Now he worked more carefully still. He struck the top surface of his
block near the edge, so that a long narrow flake of flint broke off the
side. This flake would make a good knife; Ra put it on one side. Then he
tried again, and this time got a shorter, wider chip. Just what he
wanted. He put the block aside and

started to work on the chip. It was wafer thin at the edges, and thick
in the middle. Ra tapped the edges gently, and broke off little pieces
until he had rounded it into a leaf shape. Then he trimmed it, holding a
stick at a slant on his anvil, laying the edge of the spearhead against
the stick, and pressing the stick upwards under the thin edge of the
stone blade until a little flake dropped off. These tiny flakes left a
beautiful rippled surface on the flint, like a light wind on dark water.
They also left a wavy, bitter-sharp edge. Ra was pleased. He had never
made a better one.

But now it was finished he had time to feel hungry. He wondered about
the hunt, and felt uneasy. All his instincts, all the ways of his tribe,
told him that when he was hungry he must hunt. He shook his head, and
took up the long flake of flint he had laid aside before. This had flat
straight edges already, because of the way it had split from the block.
Ra took careful aim, and sharpened the end of it with a single blow
which nicked a diagonal chip from the end. Then he took it, and went up
to the forest to cut more brushwood for his hut.

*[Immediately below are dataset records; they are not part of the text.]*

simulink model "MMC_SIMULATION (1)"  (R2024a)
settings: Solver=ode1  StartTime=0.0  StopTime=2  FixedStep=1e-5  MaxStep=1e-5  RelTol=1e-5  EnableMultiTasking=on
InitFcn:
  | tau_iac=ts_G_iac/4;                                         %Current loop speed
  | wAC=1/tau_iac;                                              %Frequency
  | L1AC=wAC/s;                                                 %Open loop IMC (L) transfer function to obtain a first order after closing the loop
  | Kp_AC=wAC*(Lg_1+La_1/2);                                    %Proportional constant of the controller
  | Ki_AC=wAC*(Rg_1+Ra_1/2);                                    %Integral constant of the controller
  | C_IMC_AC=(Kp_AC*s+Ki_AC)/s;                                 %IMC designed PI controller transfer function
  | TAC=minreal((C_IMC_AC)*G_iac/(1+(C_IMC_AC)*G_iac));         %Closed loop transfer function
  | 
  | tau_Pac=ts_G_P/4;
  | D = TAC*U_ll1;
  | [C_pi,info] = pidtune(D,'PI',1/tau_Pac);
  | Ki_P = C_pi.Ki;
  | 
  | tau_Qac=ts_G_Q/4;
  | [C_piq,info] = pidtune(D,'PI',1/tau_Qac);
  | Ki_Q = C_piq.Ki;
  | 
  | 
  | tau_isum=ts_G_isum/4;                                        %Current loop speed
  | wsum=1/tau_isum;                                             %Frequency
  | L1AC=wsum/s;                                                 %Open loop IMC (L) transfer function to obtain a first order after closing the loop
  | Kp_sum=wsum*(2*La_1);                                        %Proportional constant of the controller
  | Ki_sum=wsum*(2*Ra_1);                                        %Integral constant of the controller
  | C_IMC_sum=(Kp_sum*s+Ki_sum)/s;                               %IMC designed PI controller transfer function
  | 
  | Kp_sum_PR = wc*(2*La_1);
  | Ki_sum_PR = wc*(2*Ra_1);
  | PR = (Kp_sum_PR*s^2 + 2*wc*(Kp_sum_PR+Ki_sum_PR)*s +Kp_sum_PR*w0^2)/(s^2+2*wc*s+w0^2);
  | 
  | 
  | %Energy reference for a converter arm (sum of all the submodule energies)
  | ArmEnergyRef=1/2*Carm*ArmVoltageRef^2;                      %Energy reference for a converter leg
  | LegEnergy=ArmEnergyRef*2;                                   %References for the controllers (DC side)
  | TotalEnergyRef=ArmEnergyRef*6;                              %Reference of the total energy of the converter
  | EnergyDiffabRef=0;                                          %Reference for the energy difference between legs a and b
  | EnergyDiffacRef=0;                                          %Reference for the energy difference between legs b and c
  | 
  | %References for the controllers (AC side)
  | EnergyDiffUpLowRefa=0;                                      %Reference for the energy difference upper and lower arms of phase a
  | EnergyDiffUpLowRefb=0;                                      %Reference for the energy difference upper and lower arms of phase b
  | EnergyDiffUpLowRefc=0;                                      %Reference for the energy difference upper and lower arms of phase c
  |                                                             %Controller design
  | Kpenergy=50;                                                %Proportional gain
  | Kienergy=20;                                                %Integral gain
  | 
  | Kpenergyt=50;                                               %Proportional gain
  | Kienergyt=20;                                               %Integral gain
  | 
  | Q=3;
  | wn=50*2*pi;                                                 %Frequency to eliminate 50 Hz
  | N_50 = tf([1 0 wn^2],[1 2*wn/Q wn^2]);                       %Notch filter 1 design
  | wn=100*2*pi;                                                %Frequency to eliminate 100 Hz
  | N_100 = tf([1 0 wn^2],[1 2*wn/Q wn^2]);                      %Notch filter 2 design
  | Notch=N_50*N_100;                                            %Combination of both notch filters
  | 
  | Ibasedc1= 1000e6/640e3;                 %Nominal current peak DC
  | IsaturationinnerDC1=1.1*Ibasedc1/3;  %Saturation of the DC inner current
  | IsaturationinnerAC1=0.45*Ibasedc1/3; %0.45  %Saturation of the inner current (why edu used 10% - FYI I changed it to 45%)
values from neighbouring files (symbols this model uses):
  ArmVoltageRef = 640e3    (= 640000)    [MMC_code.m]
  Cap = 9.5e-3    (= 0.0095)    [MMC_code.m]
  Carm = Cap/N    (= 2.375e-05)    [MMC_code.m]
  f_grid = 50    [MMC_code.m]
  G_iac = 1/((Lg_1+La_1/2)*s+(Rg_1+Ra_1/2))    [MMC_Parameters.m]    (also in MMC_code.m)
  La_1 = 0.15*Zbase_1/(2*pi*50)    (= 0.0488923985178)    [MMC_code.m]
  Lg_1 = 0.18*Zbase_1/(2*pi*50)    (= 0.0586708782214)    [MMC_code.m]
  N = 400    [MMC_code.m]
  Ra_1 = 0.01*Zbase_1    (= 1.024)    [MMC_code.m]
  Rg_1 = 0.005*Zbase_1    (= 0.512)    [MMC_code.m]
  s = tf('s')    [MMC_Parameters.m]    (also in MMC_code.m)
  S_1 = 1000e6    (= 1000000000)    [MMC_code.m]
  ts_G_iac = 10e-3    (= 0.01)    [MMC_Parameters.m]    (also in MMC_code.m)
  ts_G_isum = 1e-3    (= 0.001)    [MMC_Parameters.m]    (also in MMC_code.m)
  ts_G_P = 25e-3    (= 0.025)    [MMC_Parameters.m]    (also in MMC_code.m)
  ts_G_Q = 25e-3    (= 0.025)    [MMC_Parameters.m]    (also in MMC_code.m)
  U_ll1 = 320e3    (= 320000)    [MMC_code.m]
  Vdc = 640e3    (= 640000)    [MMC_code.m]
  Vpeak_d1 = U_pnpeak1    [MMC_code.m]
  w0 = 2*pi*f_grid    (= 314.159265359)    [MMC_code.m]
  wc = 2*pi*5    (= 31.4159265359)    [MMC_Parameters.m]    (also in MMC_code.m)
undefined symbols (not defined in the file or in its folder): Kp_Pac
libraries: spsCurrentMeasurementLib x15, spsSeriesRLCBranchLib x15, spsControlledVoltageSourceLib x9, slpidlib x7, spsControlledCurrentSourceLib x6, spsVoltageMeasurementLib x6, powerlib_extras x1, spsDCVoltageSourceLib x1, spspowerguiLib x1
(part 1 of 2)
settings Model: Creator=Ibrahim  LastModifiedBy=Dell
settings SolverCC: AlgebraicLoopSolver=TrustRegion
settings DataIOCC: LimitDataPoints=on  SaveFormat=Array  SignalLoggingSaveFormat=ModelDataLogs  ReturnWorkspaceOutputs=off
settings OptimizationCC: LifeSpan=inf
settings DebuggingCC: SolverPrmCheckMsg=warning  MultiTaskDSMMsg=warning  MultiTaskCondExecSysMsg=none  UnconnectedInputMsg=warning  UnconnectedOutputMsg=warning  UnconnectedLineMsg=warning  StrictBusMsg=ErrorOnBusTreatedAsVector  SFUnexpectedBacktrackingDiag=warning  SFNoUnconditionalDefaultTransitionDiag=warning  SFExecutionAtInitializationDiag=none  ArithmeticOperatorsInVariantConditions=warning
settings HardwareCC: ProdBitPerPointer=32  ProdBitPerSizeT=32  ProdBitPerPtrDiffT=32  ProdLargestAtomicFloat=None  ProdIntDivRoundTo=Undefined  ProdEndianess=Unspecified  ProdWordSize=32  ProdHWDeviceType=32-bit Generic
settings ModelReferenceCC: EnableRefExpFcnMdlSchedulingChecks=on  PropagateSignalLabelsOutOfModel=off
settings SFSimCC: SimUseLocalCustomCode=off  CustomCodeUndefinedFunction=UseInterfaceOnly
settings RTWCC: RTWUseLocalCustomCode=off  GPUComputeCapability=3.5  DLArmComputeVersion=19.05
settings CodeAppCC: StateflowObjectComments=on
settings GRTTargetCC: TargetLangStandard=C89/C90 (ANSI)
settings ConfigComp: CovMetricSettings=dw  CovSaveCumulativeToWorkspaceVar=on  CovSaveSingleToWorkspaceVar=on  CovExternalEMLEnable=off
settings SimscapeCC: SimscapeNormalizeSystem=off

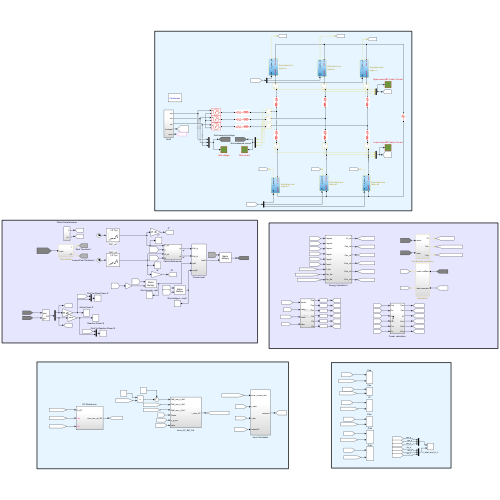
[thumbnail: Simulink's stored preview of the top-level diagram]
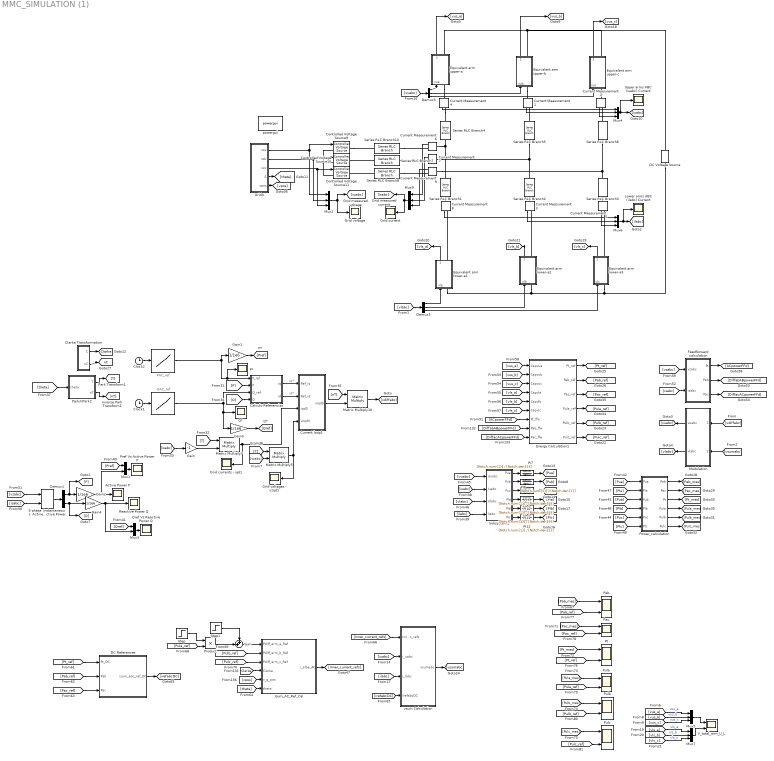
== system MMC_SIMULATION (1) ==
  note: PAC_ref
  note: QAC_ref
  " " : Lookup_n-D  NumberOfTableDimensions=1  BreakpointsForDimension1=[0,0.5,2]  Table=[0,100e6,0]  InterpMethod=Flat  RndMeth=Simplest
  "  " : Lookup_n-D  NumberOfTableDimensions=1  BreakpointsForDimension1=[0,1,2]  Table=[0,5e6,0]  InterpMethod=Flat  RndMeth=Simplest
  3-phase  Instantaneous  Active & Reactive Power : powerlib_extras/Measurements/3-phase  Instantaneous  Active & Reactive Power
  Active Power P : Scope
  Calculo Referencias : Subsystem
  "Clarke Transformation " : Subsystem
  Clock1 : Clock
  Clock2 : Clock
  Controlled Voltage Source10 : spsControlledVoltageSourceLib/Controlled Voltage Source  Initialize=off  Source_Type=AC  Amplitude=0  Phase=0  Frequency=0  Measurements=None
  Controlled Voltage Source11 : spsControlledVoltageSourceLib/Controlled Voltage Source  Initialize=off  Source_Type=AC  Amplitude=0  Phase=0  Frequency=0  Measurements=None
  Controlled Voltage Source9 : spsControlledVoltageSourceLib/Controlled Voltage Source  Initialize=off  Source_Type=AC  Amplitude=0  Phase=0  Frequency=0  Measurements=None
  Current Measurement{1..9} (9 alike) : spsCurrentMeasurementLib/Current Measurement  PhasorSimulation=off  OutputType=Complex  PSBequivalent=0
  Current loop1 : Subsystem
  DC References : Subsystem
  DC Voltage Source : spsDCVoltageSourceLib/DC Voltage Source  Amplitude=Vdc  Measurements=None
  Demux1 : Demux  Outputs=2
  Demux3 : Demux  Outputs=3
  Demux5 : Demux  Outputs=3
  Energy Calculation1 : Subsystem
  Equivalent arm lower-a1 : Subsystem
  Equivalent arm lower-a2 : Subsystem
  Equivalent arm lower-a3 : Subsystem
  Equivalent arm upper-a : Subsystem
  Equivalent arm upper-b : Subsystem
  Equivalent arm upper-c : Subsystem
  Feedforward calculation : Subsystem
  Gain : Gain  Gain=-1
  Gain{1..4} (4 alike) : Gain  Gain=1/1e6
  Grid current : Scope
  Grid currents - iqd1 : Scope
  Grid voltage : Scope
  Grid voltages - vzqd1 : Scope
  Grid3 : Subsystem
  Isum_AC_Ref_Cal : Subsystem
  Lower arms ABC (ilabc) Current : Scope
  Matrix Multiply10 : Product  Multiplication=Matrix(*)
  Matrix Multiply5 : Product  Multiplication=Matrix(*)
  Matrix Multiply7 : Product  Multiplication=Matrix(*)
  Modulation : Subsystem
  Mux1 : Mux  Inputs=2
  Mux{2,4..7,9} (6 alike) : Mux  Inputs=3
  Mux3 : Mux  Inputs=2
  P* : Scope
  PI{7..12} (6 alike) : TransferFcn  Numerator=[Notch.num{1}]  Denominator=[Notch.den{1}]
  Pab : Scope  NumInputPorts=2
  Pac : Scope  NumInputPorts=2
  Park/nPark2 : Subsystem
  Power_calculation : Subsystem
  Pref Vs Active Power P : Scope
  Product : Product
  Pt : Scope  NumInputPorts=2
  Pula : Scope  NumInputPorts=2
  Pulb : Scope  NumInputPorts=2
  Pulc : Scope  NumInputPorts=2
  Q* : Scope
  Qref Vs Reactive Power Q : Scope
  Reactive Power Q : Scope
  Series RLC Branch{1..6} (6 alike) : spsSeriesRLCBranchLib/Series RLC Branch  LConnTagsString=__new0  RConnTagsString=__new0  BranchType=RL  Resistance=Ra_1  Inductance=La_1  SetiL0=off  InitialCurrent=0  Capacitance=0  Setx0=off  InitialVoltage=0  Measurements=None
  Series RLC Branch10 : spsSeriesRLCBranchLib/Series RLC Branch  LConnTagsString=__new0  RConnTagsString=__new0  BranchType=RL  Resistance=Rg_1  Inductance=Lg_1  SetiL0=off  InitialCurrent=0  Capacitance=0  Setx0=off  InitialVoltage=0  Measurements=None
  Series RLC Branch7 : spsSeriesRLCBranchLib/Series RLC Branch  LConnTagsString=__new0  RConnTagsString=__new0  BranchType=RL  Resistance=Rg_1  Inductance=Lg_1  SetiL0=off  InitialCurrent=0  Capacitance=0  Setx0=off  InitialVoltage=0  Measurements=None
  Series RLC Branch8 : spsSeriesRLCBranchLib/Series RLC Branch  LConnTagsString=__new0  RConnTagsString=__new0  BranchType=RL  Resistance=Rg_1  Inductance=Lg_1  SetiL0=off  InitialCurrent=0  Capacitance=0  Setx0=off  InitialVoltage=0  Measurements=None
  Step : Step  Time=2.1  Before=1  After=0  SampleTime=0
  Step1 : Step  Time=2.1  After=10e6  SampleTime=0
  Subsystem1 : Subsystem
  Sum : Sum  Inputs=++|
  Upper arms ABC (iuabc) Current : Scope
  V_total_arm_U_L : Scope  NumInputPorts=2
  powergui : spspowerguiLib/powergui  Priority=1  SimulationMode=Continuous  SampleTime=50e-6  frequency=60  Iterations=50  frequencyindice=0  Pbase=100e6  ErrMax=1e-4  UnitsV=kV  UnitsW=MW  buscounter=0  FunctionMessages=off  echomessages=off  EnableUseOfTLC=off  CurrentSourceSwitches=on  DisableSnubberDevices=off  DisableRonSwitches=off  DisableVfSwitches=off  DisplayEquations=off  AutomaticDiscreteSolvers=off  SolverType=Tustin  Interpol=off  ExternalGateDelay=off  methode=off  Ts=0  x0status=blocks  SPID=off  SwTol=0  HookPort=off  NonlinearTolerance=1e-4  nMaxIteration=100  ContinueOnMaxIteration=off  RestoreLinks=warning  ResistiveCurrentMeasurement=off  Frange=[0:2:500]  Ylog=off  Xlog=on  ShowGrid=off  save=off  variable=ZData  structure=0  ZoomFFT=off  StartTime=0.0  cycles=1  DisplayStyle=1  fundamental=60  FreqAxis=off  MaxFrequency=1000  frequencyindicesteady=1  RmsSteady=1  display=off
  vsum Calculation : Subsystem
  tag scope: Clarke=global, nC=global
  wires:
  Mux4/1 -> Upper arms ABC (iuabc) Current/1, [iuabc]
  Grid3/4(thetareal) -> [theta]
  Grid3/1(vza) -> Controlled Voltage Source9/1, Mux2/1
  Grid3/2(vzb) -> Controlled Voltage Source10/1, Mux2/2
  Grid3/3(vzc) -> Controlled Voltage Source11/1, Mux2/3
  Mux2/1 -> [vzabc], Grid voltage/1
  Demux3/1 -> Equivalent arm lower-a1/1(vla)
  Demux3/2 -> Equivalent arm lower-a2/1(vlb)
  Demux3/3 -> Equivalent arm lower-a3/1(vlc)
  Mux6/1 -> Lower arms ABC (ilabc) Current/1, [ilabc]
  Current Measurement8/1 -> Mux6/1
  Current Measurement3/1 -> Mux6/2
  Current Measurement5/1 -> Mux6/3
  Modulation/1(vuabc) -> [vuabc]
  Modulation/2(vlabc) -> [vlabc]
  [vdiffabc] -> Modulation/1(vdiffabc)
  [vsumabc] -> Modulation/2(vsumabc)
  Current Measurement6/1 -> Mux9/1
  Current Measurement7/1 -> Mux9/2
  Current Measurement9/1 -> Mux9/3
  Mux9/1 -> [isabc], Grid current/1
  [vuabc] -> Demux5/1
  Demux5/1 -> Equivalent arm upper-a/1(vua)
  Demux5/2 -> Equivalent arm upper-b/1(vub)
  Demux5/3 -> Equivalent arm upper-c/1(vuc)
  [vlabc] -> Demux3/1
  Current Measurement4/1 -> Mux4/1
  Current Measurement1/1 -> Mux4/2
  Current Measurement2/1 -> Mux4/3
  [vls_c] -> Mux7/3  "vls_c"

Ra finished his roof, and tied it down securely, and gathered a pile of
pebbles for a hearth. All day the women and children stared at him
curiously, for it was a new thing for man or boy to stay away from the
hunt. And all day Ra’s ears were pricked for any sound of the men
returning.

At last he heard them. Down the valley, from among the trees, came the
sound of singing—a low droning song. The hunt had been good. The
hungry families gathered at the hut doors to watch the hunters come.
They marched out of the woods, and scrambled up the slope to the camp,
bringing the carcasses of deer and rabbits across their shoulders. Ra
looked at them hungrily, and licked his lips. He was apprehensive—
what if Yul did not keep his unheard-of bargain? The

night would be cold, and the cramps of hunger in his stomach would keep
him awake. But Yul brought him the flank of a young doe, and half a
rabbit, and exclaimed in delight when he saw the spearhead Ra had made
for him.

“This bargain is good,” he said.

Ra gathered firewood, and stacked it on his hearth of stones, and went
to the Great-grandmother’s house to get fire; for all the fires of his
tribe were lit from hers, and hers had been carried on torches of pine
wood all the way from the winter caves. He roasted his meat on a spit
over the fire, not taking long about it, for he liked it still red and
raw in the middle. He grunted with pleasure as he sunk his teeth into
it, and when he had finished and sat sleepily beside his fire, the good,
well-fed feeling spread through his limbs. He just sat enjoying this
feeling for a long time, and then he built up his fire so that it would
last the night, for it is not only men who hunt for food, and Ra knew
that he did not wake quickly when he was not hungry. Then he crept into
his hut to sleep. He did not fall asleep at once. He felt odd. Never in
all his life before did he remember sleeping well-fed, and yet not tired
from running in the hunt all day. But although the strange feeling was a
new thing, he liked it.

Ra’s new way of life has serious consequences, as you will discover when
you read the rest of the book Toolmaker. Jill Paton Walsh is an
English author with a wide knowledge of historical periods. You may also
like another of her books, Island Sunrise: Prehistoric Cultures in the
British Isles.
For another view of the Stone Age, try The First
Farmers in the New Stone Age
by Leonard Weisgard.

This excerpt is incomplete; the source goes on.